Abdul Wahab Hassain Qaid is now responsible for Libya’s volatile south which borders Algeria, Niger, Chad and the Darfur region of Sudan. Smuggling routes from sub-Saharan Africa to the Mediterranean coast run through the Libyan oasis cities of Murzuq, its neighbouring city Sabha, and Kufra to the east.

A massive illicit trade in weapons, petrol and food goods moves south across porous desert borders in return for drugs, alcohol and people moving north.  On 16th September the Libya Herald reported that Algerian police had intercepted a group of gun runners from Libya. They were attempting to smuggle 8 machine guns, 24 automatic rifles and 14,000 rounds of ammunition stolen from Libyan military arms dumps.

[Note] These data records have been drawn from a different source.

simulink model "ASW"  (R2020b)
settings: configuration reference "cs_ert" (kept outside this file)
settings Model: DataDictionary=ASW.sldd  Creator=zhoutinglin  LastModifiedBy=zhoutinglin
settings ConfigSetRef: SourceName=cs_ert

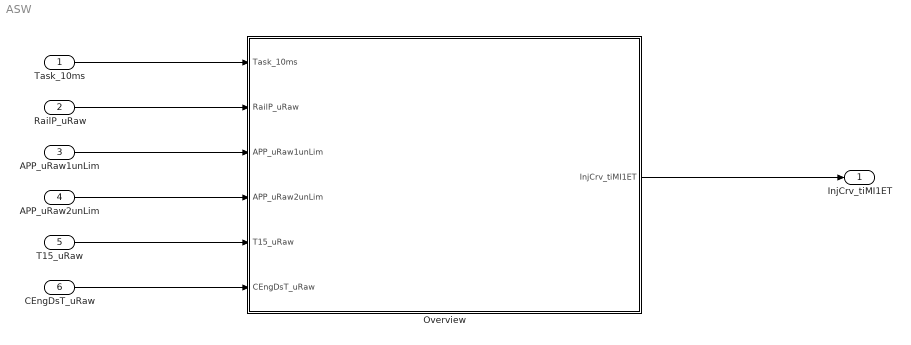
== system ASW ==
  Task_10ms : Inport  OutputFunctionCall=on
  RailP_uRaw : Inport  Port=2
  APP_uRaw1unLim : Inport  Port=3
  APP_uRaw2unLim : Inport  Port=4
  T15_uRaw : Inport  Port=5
  CEngDsT_uRaw : Inport  Port=6
  Overview : Subsystem
  InjCrv_tiMI1ET : Outport
  wires:
  Task_10ms/1 -> Overview/1(Task_10ms)
  RailP_uRaw/1 -> Overview/2(RailP_uRaw)
  APP_uRaw1unLim/1 -> Overview/3(APP_uRaw1unLim)
  APP_uRaw2unLim/1 -> Overview/4(APP_uRaw2unLim)
  T15_uRaw/1 -> Overview/5(T15_uRaw)
  CEngDsT_uRaw/1 -> Overview/6(CEngDsT_uRaw)
  Overview/1(InjCrv_tiMI1ET) -> InjCrv_tiMI1ET/1

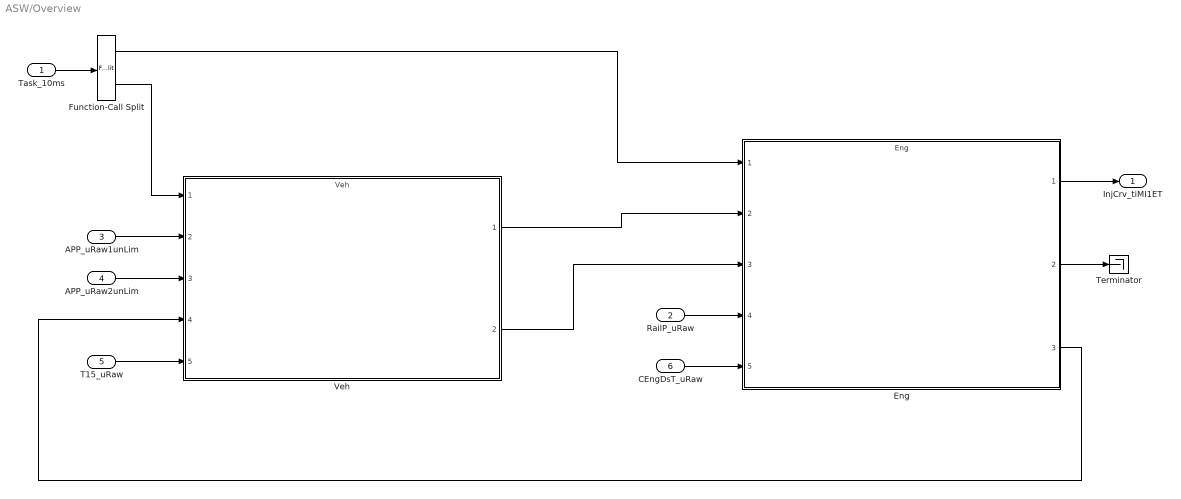
== system ASW/Overview ==
  Task_10ms : Inport
  RailP_uRaw : Inport  Port=2
  APP_uRaw1unLim : Inport  Port=3
  APP_uRaw2unLim : Inport  Port=4
  T15_uRaw : Inport  Port=5
  CEngDsT_uRaw : Inport  Port=6
  Eng : ModelReference  ModelNameDialog=Eng.slx  SimulationMode=Normal  ScheduleRates=on  ModelReferenceVersion=6.4
  Function-Call Split : FunctionCallSplit  IconShape=distinctive  NumOutputPorts=2  OutputPortLayout=default
  Terminator : Terminator
  Veh : ModelReference  ModelNameDialog=Veh  SimulationMode=Normal  ScheduleRates=on  ModelReferenceVersion=6.1
  InjCrv_tiMI1ET : Outport
  wires:
  Eng/1 -> InjCrv_tiMI1ET/1
  APP_uRaw1unLim/1 -> Veh/2
  APP_uRaw2unLim/1 -> Veh/3
  T15_uRaw/1 -> Veh/5
  Task_10ms/1 -> Function-Call Split/1
  Function-Call Split/2 -> Veh/1
  Function-Call Split/1 -> Eng/1
  RailP_uRaw/1 -> Eng/4
  CEngDsT_uRaw/1 -> Eng/5
  Veh/2 -> Eng/3
  Veh/1 -> Eng/2
  Eng/3 -> Veh/4
  Eng/2 -> Terminator/1
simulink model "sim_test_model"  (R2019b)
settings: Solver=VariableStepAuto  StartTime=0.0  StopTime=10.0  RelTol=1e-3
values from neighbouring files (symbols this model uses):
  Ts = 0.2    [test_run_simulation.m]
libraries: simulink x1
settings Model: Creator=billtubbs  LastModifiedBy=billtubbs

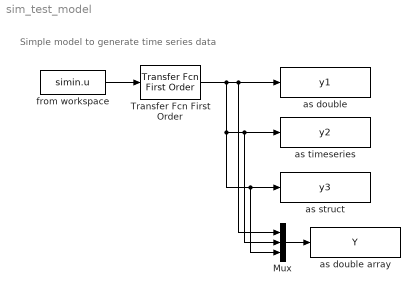
== system sim_test_model ==
  note: Simple model to generate time series data
  Mux : Mux  Inputs=3
  Transfer Fcn First Order : simulink/Discrete/Transfer Fcn First Order  PoleZ=0.9  ICPrevOutput=0.0  DoSatur=off
      settings: SourceProductName=Simulink
  as double : ToWorkspace  VariableName=y1  SampleTime=Ts
  as double array : ToWorkspace  VariableName=Y  SampleTime=Ts
      settings: Save2DSignal=2-D array (concatenate along first dimension)
  as struct : ToWorkspace  VariableName=y3  SaveFormat=Structure With Time  SampleTime=Ts
  as timeseries : ToWorkspace  VariableName=y2  SaveFormat=Timeseries  SampleTime=Ts
  from workspace : FromWorkspace  VariableName=simin.u  SampleTime=0
  wires:
  from workspace/1 -> Transfer Fcn First Order/1
  Transfer Fcn First Order/1 -> Mux/1, as double/1, Mux/2, as timeseries/1, Mux/3, as struct/1
  Mux/1 -> as double array/1
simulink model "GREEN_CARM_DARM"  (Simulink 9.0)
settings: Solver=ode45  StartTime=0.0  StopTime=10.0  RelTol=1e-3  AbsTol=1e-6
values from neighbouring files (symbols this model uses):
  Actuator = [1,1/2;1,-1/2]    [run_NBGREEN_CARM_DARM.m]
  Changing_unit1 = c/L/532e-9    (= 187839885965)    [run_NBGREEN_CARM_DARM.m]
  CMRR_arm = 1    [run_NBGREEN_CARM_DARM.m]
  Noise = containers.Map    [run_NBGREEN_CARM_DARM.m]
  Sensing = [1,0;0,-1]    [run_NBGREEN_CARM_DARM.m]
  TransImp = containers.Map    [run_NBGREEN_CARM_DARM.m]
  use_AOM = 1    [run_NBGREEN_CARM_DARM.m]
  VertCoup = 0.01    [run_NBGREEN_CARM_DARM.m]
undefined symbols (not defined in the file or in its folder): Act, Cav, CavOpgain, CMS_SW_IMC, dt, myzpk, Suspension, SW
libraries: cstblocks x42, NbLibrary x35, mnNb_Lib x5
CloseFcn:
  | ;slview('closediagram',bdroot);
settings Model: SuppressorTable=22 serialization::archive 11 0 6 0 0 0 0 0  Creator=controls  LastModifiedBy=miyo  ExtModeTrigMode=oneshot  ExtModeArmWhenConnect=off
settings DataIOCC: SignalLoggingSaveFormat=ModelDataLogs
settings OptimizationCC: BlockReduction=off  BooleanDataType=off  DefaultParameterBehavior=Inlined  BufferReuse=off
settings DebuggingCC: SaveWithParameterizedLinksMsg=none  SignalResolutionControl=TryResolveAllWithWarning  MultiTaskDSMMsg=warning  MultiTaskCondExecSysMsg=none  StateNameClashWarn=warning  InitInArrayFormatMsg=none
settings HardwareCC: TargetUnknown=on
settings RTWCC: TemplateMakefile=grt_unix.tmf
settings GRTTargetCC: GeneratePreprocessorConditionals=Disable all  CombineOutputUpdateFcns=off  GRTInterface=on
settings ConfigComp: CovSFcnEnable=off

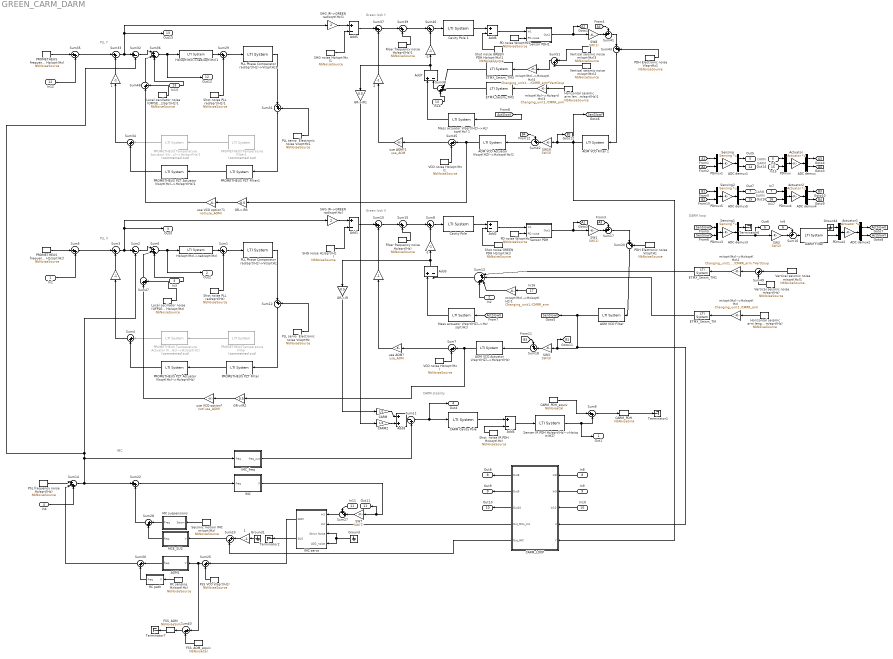
== system GREEN_CARM_DARM ==
  note: PLL X
  note: Green lock X
  note: IMC
  note: CARM stablity
  note: PLL Y
  note: Green lock Y
  note: CARM
  note: DARM
  note: CARM
  note: DARM
  note: DARM loop
  In1 : Inport
  In2 : Inport  Port=2
  In3 : Inport  Port=3
  In4 : Inport  Port=4
  In5 : Inport  Port=5
  In6 : Inport  Port=6
  In7 : Inport  Port=7
  In8 : Inport  Port=8
  In9 : Inport  Port=9
  In10 : Inport  Port=10
  In11 : Inport  Port=11
  In12 : Inport  Port=12
  In13 : Inport  Port=13
  In14 : Inport  Port=14
  In15 : Inport  Port=15
  In17 : Inport  Port=16
  In16 : Inport  Port=17
  " " : Gain  Gain=-1
  "  " : Gain  Gain=-1
  "  1" : Gain  Gain=-1
  " -1" : Gain  Gain=-1
  " -2" : Gain  Gain=-1
  " 1" : Gain  Gain=-1
  " 2" : Gain  Gain=-1
   GR->IR{,1..3} (4 alike) : Gain  Gain=0.5
  ADC demux{,1..5} (6 alike) : Demux  Outputs=2
  AOM VCO Actuator V/sqrt(HZ)-->Hz/sqrt(Hz) : cstblocks/LTI System  sys=Act_AOM_X  IC=[]
  AOM VCO Actuator V/sqrt(HZ)-->Hz/sqrt(Hz)1 : cstblocks/LTI System  sys=Act_AOM_Y  IC=[]
  "AOM VCO Filter " : cstblocks/LTI System  sys=Filt_GR1  IC=[]
  AOM VCO Filter 1 : cstblocks/LTI System  sys=Filt_GR1  IC=[]
  AOM1 : Subsystem
  Actuator : Gain  Gain=Actuator  Multiplication=Matrix(K*u)
  Actuator1 : Gain  Gain=Actuator  Multiplication=Matrix(K*u)
  Actuator2 : Gain  Gain=Actuator  Multiplication=Matrix(K*u)
  Add{1..7} (7 alike) : Sum  Inputs=+-
  Add8 : Sum
  CARM : Gain  Gain=1/2
  CARM Cavity Pole : cstblocks/LTI System  sys=CARM_Cavity_Pole  IC=[]
  CARM2 : Gain  Gain=1/2
  CARM_LOOP : Subsystem
  CARM_PDH : NbLibrary/NbNoiseSink  Tag=NbNoiseSink  dof='CARM'  asd=''  chan=''
      settings: AttributesFormatString=%<Tag>
  CARM_PDH_equiv : NbLibrary/NbNoiseCal  Tag=NbNoiseCal  dof='CARM'  unit='Frequency noise [Hz/rtHz]'
      settings: AttributesFormatString=%<Tag>
  "Cavity Pole " : cstblocks/LTI System  sys=Cavity_Pole  IC=[]
  Cavity Pole 1 : cstblocks/LTI System  sys=Cavity_Pole  IC=[]
  "DARM Filter " : cstblocks/LTI System  sys=Filt_darm  IC=[]
  ETMX_Seism_TM : cstblocks/LTI System  Description=FlexTf: Susp('ETMX_Seism_TM')  sys=1  IC=[]
      settings: AttributesFormatString=%<Description>
  ETMX_Seism_TM1 : cstblocks/LTI System  Description=FlexTf: Susp('ETMX_Seism_Vert')  sys=1  IC=[]
      settings: AttributesFormatString=%<Description>
  ETMX_Seism_TM2 : cstblocks/LTI System  Description=FlexTf: Susp('ETMX_Seism_TM')  sys=1  IC=[]
      settings: AttributesFormatString=%<Description>
  ETMX_Seism_TM3 : cstblocks/LTI System  Description=FlexTf: Susp('ETMX_Seism_Vert')  sys=1  IC=[]
      settings: AttributesFormatString=%<Description>
  FSS VCO V/sqrt(Hz) : NbLibrary/NbNoiseSource  Tag=NbNoiseSource  asd=Noise('act_AOM')  chan=''  groupNest=1  group='IR noise'  subgroup=''  subsubgroup=''  subsubsubgroup=''
      settings: AttributesFormatString=%<Tag>
  FSS_AOM : NbLibrary/NbNoiseSink  Tag=NbNoiseSink  dof='FSS_AOM'  asd=''  chan=''
      settings: AttributesFormatString=%<Tag>
  FSS_AOM_equiv : NbLibrary/NbNoiseCal  Tag=NbNoiseCal  dof='FSS_AOM'  unit='Feedback signal [V/rtHz]'
      settings: AttributesFormatString=%<Tag>
  Fiber frequency noise Hz/sqrt(Hz) : NbLibrary/NbNoiseSource  Tag=NbNoiseSource  asd=Noise('Fiber')  chan=''  groupNest=1  group='Green noise'  subgroup=''  subsubgroup=''  subsubsubgroup=''
      settings: AttributesFormatString=%<Tag>
  Fiber frequency noise Hz/sqrt(Hz)1 : NbLibrary/NbNoiseSource  Tag=NbNoiseSource  asd=Noise('Fiber')  chan=''  groupNest=1  group='Green noise'  subgroup=''  subsubgroup=''  subsubsubgroup=''
      settings: AttributesFormatString=%<Tag>
  Ground : Ground
  Ground1 : Ground
  Ground4 : Ground
  Horizontal seismic arm length m/sqrt(Hz) : NbLibrary/NbNoiseSource  Tag=NbNoiseSource  asd=Noise('Seismic arm length')  chan=''  groupNest=1  group='Seismic noise'  subgroup=''  subsubgroup=''  subsubsubgroup=''
      settings: AttributesFormatString=%<Tag>
  Horizontal seismic arm length m/sqrt(Hz)1 : NbLibrary/NbNoiseSource  Tag=NbNoiseSource  asd=Noise('Seismic arm length')  chan=''  groupNest=1  group='Seismic noise'  subgroup=''  subsubgroup=''  subsubsubgroup=''
      settings: AttributesFormatString=%<Tag>
  Hz/sqrt(Hz)->rad/sqrt(Hz) : cstblocks/LTI System  sys=Changing_unit  IC=[]
  Hz/sqrt(Hz)->rad/sqrt(Hz)1 : cstblocks/LTI System  sys=Changing_unit  IC=[]
  IMC : Subsystem
  IMC servo : Subsystem
  IMC_freq : Subsystem
  Local oscillator noise (OFFSET) Hz/sqrt(Hz) : NbLibrary/NbNoiseSource  Tag=NbNoiseSource  asd=Noise('LO noise')  chan=''  groupNest=1  group='PLL noise'  subgroup=''  subsubgroup=''  subsubsubgroup=''
      settings: AttributesFormatString=%<Tag>
  Local oscillator noise (OFFSET) Hz/sqrt(Hz)1 : NbLibrary/NbNoiseSource  Tag=NbNoiseSource  asd=Noise('LO noise')  chan=''  groupNest=1  group='PLL noise'  subgroup=''  subsubgroup=''  subsubsubgroup=''
      settings: AttributesFormatString=%<Tag>
  MC suspensions : Subsystem
  MCE_SUS : Subsystem
  "Mass actuator V/sqrt(HZ)-->Hz/sqrt(Hz) " : cstblocks/LTI System  sys=Act_mass  IC=[]
  Mass actuator V/sqrt(HZ)-->Hz/sqrt(Hz) 1 : cstblocks/LTI System  sys=Act_mass  IC=[]
  PD noise W/sqrtHz : NbLibrary/NbNoiseSource  Tag=NbNoiseSource  asd=Noise('PD noise PDH')  chan=''  groupNest=1  group='Green noise'  subgroup=''  subsubgroup=''  subsubsubgroup=''
      settings: AttributesFormatString=%<Tag>
  PD noise W/sqrtHz1 : NbLibrary/NbNoiseSource  Tag=NbNoiseSource  asd=Noise('PD noise PDH')  chan=''  groupNest=1  group='Green noise'  subgroup=''  subsubgroup=''  subsubsubgroup=''
      settings: AttributesFormatString=%<Tag>
  PDH Electronic noise V/sqrtHz : NbLibrary/NbNoiseSource  Tag=NbNoiseSource  asd=Noise('Electronic noise PDH')  chan=''  groupNest=1  group='Green noise'  subgroup=''  subsubgroup=''  subsubsubgroup=''
      settings: AttributesFormatString=%<Tag>
  PDH Electronic noise V/sqrtHz1 : NbLibrary/NbNoiseSource  Tag=NbNoiseSource  asd=Noise('Electronic noise PDH')  chan=''  groupNest=1  group='Green noise'  subgroup=''  subsubgroup=''  subsubsubgroup=''
      settings: AttributesFormatString=%<Tag>
  PDmux{,1..5} (6 alike) : Mux  Inputs=2
  PLL Phase Comparator rad/sqrt(Hz)->V/sqrtHz : cstblocks/LTI System  sys=Sen  IC=[]
  PLL Phase Comparator rad/sqrt(Hz)->V/sqrtHz1 : cstblocks/LTI System  sys=Sen  IC=[]
  PLL servo  Electronic noise V/sqrtHz : NbLibrary/NbNoiseSource  Tag=NbNoiseSource  asd=Noise('Electronic noise PLL')  chan=''  groupNest=1  group='PLL noise'  subgroup=''  subsubgroup=''  subsubsubgroup=''
      settings: AttributesFormatString=%<Tag>
  PLL servo  Electronic noise V/sqrtHz1 : NbLibrary/NbNoiseSource  Tag=NbNoiseSource  asd=Noise('Electronic noise PLL')  chan=''  groupNest=1  group='PLL noise'  subgroup=''  subsubgroup=''  subsubsubgroup=''
      settings: AttributesFormatString=%<Tag>
  PROMETHEUS PZT Actuator V/sqrt(Hz)-->Hz/sqrt(Hz) : cstblocks/LTI System  sys=Act_PZT  IC=[]
  PROMETHEUS PZT Actuator V/sqrt(Hz)-->Hz/sqrt(Hz)1 : cstblocks/LTI System  sys=Act_PZT  IC=[]
  PROMETHEUS PZT Filter : cstblocks/LTI System  sys=Filt_PZT  IC=[]
  PROMETHEUS PZT Filter1 : cstblocks/LTI System  sys=Filt_PZT  IC=[]
  PROMETHEUS Temperature Actuator V/sqrt(Hz)-->Hz/sqrt(Hz) : cstblocks/LTI System  Commented=on  sys=Act_Temp  IC=[]
  PROMETHEUS Temperature Actuator V/sqrt(Hz)-->Hz/sqrt(Hz)1 : cstblocks/LTI System  Commented=on  sys=Act_Temp  IC=[]
  PROMETHEUS frequency noise X Hz/sqrt(Hz) : NbLibrary/NbNoiseSource  Tag=NbNoiseSource  asd=Noise('Prometheus freq noise')  chan=''  groupNest=1  group='PLL noise'  subgroup=''  subsubgroup=''  subsubsubgroup=''
      settings: AttributesFormatString=%<Tag>
  PROMETHEUS frequency noise Y Hz/sqrt(Hz) : NbLibrary/NbNoiseSource  Tag=NbNoiseSource  asd=Noise('Prometheus freq noise')  chan=''  groupNest=1  group='PLL noise'  subgroup=''  subsubgroup=''  subsubsubgroup=''
      settings: AttributesFormatString=%<Tag>
  PROMETHEUSTemperature Filter : cstblocks/LTI System  Commented=on  sys=Filt_Temp  IC=[]
  PROMETHEUSTemperature Filter1 : cstblocks/LTI System  Commented=on  sys=Filt_Temp  IC=[]
  PSL frequency noise Hz/sqrt(Hz) : NbLibrary/NbNoiseSource  Tag=NbNoiseSource  asd=Noise('PSL freq noise')*0  chan=''  groupNest=1  group='IR noise'  subgroup=''  subsubgroup=''  subsubsubgroup=''
      settings: AttributesFormatString=%<Tag>
  RC path : Subsystem
  RC sensing Hz/sqrt(Hz) : NbLibrary/NbNoiseSource  Tag=NbNoiseSource  asd=Noise('sensor_RefCav')  chan=''  groupNest=1  group='IR noise'  subgroup=''  subsubgroup=''  subsubsubgroup=''
      settings: AttributesFormatString=%<Tag>
  SHG IR-->GREEN rad/sqrt(Hz) : Gain  Gain=2
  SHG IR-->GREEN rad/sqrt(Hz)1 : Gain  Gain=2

The cities are also staging posts for migrants who mainly come from Chad, Niger, Mali, Nigeria, Sudan, Ethiopia, Eritrea and Somalia.  Some choose Libya as a final work destination but most hope to embark on the final journey north to the coast and across the Mediterranean to Europe.

A recent eyewitness report from Sabah gives us a glimpse of the modern trans-Saharan migrant route; “More than 1,300 illegal immigrants are detained here, some 100 kilometres outside the city of Sabha, along the road between the sand dunes to the south and the border with Niger. They have no shelter, not even makeshift tents, forced to sleep on the sandy, pebble-studded ground. Only the lucky few among them have a blanket to protect them from the gusts of scorching wind. The others curl up so they can shield their faces in their keffiyehs or T-shirts. It is early evening, and the temperature in this southern Libyan desert known for its scorpions and vipers is 35° Celsius (95° Fahrenheit)”.  (Lucy Matieu in Le Temps dated 2012-07-06 22)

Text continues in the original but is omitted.